How Goya brought ethnic food to white America - ilamont
http://www.washingtonpost.com/blogs/wonkblog/wp/2013/08/23/how-goya-brought-ethnic-food-to-white-america/?hpid=z1
======
mynameishere
[http://en.wikipedia.org/wiki/English_cuisine](http://en.wikipedia.org/wiki/English_cuisine)
[http://en.wikipedia.org/wiki/German_cuisine](http://en.wikipedia.org/wiki/German_cuisine)
[http://en.wikipedia.org/wiki/French_cuisine](http://en.wikipedia.org/wiki/French_cuisine)
[http://en.wikipedia.org/wiki/Polish_cuisine](http://en.wikipedia.org/wiki/Polish_cuisine)

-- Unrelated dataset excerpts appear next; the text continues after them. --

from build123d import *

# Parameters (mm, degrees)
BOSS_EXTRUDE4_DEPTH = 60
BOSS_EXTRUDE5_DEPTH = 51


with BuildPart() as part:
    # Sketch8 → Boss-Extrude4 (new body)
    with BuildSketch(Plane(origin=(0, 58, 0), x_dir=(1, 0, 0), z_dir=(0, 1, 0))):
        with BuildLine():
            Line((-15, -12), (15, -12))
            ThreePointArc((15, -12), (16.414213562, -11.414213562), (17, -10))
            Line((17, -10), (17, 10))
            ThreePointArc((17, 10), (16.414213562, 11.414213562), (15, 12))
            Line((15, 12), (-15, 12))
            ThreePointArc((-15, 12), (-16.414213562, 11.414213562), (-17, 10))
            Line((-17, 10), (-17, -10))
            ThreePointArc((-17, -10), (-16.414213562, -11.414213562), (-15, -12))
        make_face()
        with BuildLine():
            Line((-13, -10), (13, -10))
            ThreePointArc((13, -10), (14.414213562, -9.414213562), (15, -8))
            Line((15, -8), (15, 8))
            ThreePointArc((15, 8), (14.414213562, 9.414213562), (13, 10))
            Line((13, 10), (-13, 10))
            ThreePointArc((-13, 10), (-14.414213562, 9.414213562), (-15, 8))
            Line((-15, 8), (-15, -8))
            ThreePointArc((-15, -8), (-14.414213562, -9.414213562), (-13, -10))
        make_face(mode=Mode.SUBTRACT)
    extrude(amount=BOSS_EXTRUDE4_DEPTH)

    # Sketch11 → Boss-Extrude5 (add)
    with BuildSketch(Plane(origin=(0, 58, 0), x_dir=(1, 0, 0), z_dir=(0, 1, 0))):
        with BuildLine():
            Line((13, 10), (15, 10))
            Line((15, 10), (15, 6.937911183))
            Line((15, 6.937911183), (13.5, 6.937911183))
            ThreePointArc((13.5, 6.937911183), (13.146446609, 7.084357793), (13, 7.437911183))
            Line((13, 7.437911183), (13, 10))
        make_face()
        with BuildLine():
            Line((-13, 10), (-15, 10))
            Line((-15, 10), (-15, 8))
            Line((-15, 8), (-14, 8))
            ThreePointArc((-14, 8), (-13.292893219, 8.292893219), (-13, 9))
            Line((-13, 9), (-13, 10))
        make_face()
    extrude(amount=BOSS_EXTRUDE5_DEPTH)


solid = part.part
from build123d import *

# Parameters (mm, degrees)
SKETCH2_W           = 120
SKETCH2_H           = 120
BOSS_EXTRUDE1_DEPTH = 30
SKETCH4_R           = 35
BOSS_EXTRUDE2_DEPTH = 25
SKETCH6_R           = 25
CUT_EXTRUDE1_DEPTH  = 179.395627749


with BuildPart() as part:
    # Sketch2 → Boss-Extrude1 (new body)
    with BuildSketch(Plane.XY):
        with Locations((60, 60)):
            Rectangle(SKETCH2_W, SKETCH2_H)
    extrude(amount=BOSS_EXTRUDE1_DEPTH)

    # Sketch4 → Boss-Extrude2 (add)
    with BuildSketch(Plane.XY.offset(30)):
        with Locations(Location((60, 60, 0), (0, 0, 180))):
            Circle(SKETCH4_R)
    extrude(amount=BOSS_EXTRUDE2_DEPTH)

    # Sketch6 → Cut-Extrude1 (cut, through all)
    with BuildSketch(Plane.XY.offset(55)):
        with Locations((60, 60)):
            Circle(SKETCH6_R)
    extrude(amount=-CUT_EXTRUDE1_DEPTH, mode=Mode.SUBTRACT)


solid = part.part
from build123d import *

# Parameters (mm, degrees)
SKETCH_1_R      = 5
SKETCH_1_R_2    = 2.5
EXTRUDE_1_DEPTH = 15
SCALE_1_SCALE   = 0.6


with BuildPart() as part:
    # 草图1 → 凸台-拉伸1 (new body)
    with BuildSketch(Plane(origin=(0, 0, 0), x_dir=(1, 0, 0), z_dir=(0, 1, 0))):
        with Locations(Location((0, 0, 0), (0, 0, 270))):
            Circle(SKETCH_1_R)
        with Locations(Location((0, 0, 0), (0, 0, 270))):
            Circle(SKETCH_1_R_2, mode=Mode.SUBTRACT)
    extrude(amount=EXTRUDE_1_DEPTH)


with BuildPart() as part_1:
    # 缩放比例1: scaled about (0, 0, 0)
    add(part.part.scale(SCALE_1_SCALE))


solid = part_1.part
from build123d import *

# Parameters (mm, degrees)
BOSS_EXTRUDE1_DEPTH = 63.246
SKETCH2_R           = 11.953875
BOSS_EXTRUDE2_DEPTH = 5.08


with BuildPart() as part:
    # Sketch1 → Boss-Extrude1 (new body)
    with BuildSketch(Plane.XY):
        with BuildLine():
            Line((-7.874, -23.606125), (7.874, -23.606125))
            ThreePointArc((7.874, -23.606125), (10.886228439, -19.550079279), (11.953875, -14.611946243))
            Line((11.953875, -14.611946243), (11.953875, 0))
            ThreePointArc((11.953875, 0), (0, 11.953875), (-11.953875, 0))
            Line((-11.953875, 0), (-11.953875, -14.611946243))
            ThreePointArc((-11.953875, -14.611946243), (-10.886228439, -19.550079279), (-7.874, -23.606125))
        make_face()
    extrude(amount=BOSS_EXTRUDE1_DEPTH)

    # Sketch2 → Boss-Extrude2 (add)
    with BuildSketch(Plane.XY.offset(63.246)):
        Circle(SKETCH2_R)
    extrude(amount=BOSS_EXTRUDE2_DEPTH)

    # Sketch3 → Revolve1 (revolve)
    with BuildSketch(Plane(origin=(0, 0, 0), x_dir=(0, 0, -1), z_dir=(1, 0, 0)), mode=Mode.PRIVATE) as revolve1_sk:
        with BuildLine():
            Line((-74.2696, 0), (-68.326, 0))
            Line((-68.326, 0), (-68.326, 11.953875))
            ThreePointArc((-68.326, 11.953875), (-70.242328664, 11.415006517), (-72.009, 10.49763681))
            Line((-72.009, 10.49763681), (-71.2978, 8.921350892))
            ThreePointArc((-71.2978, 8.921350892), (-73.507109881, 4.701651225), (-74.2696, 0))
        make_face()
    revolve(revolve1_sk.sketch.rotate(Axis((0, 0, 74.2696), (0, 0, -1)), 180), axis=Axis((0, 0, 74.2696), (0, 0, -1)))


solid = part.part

etc times 100. I'm sure we all appreciate Goya for helping to keep the dying
Washington Post alive with their paid-for articles, but the headline is absurd
on its face. I mean, I have distinct memories of eating Mexican food long
before I heard of Goya corporation. And I'm pretty sure black beans and kidney
beans were not unheard-of as well.

To be fair, the reporter's original headline might have been, "A short
corporate biography of Goya Foods", only to be changed by the editor to
something more eye-catching.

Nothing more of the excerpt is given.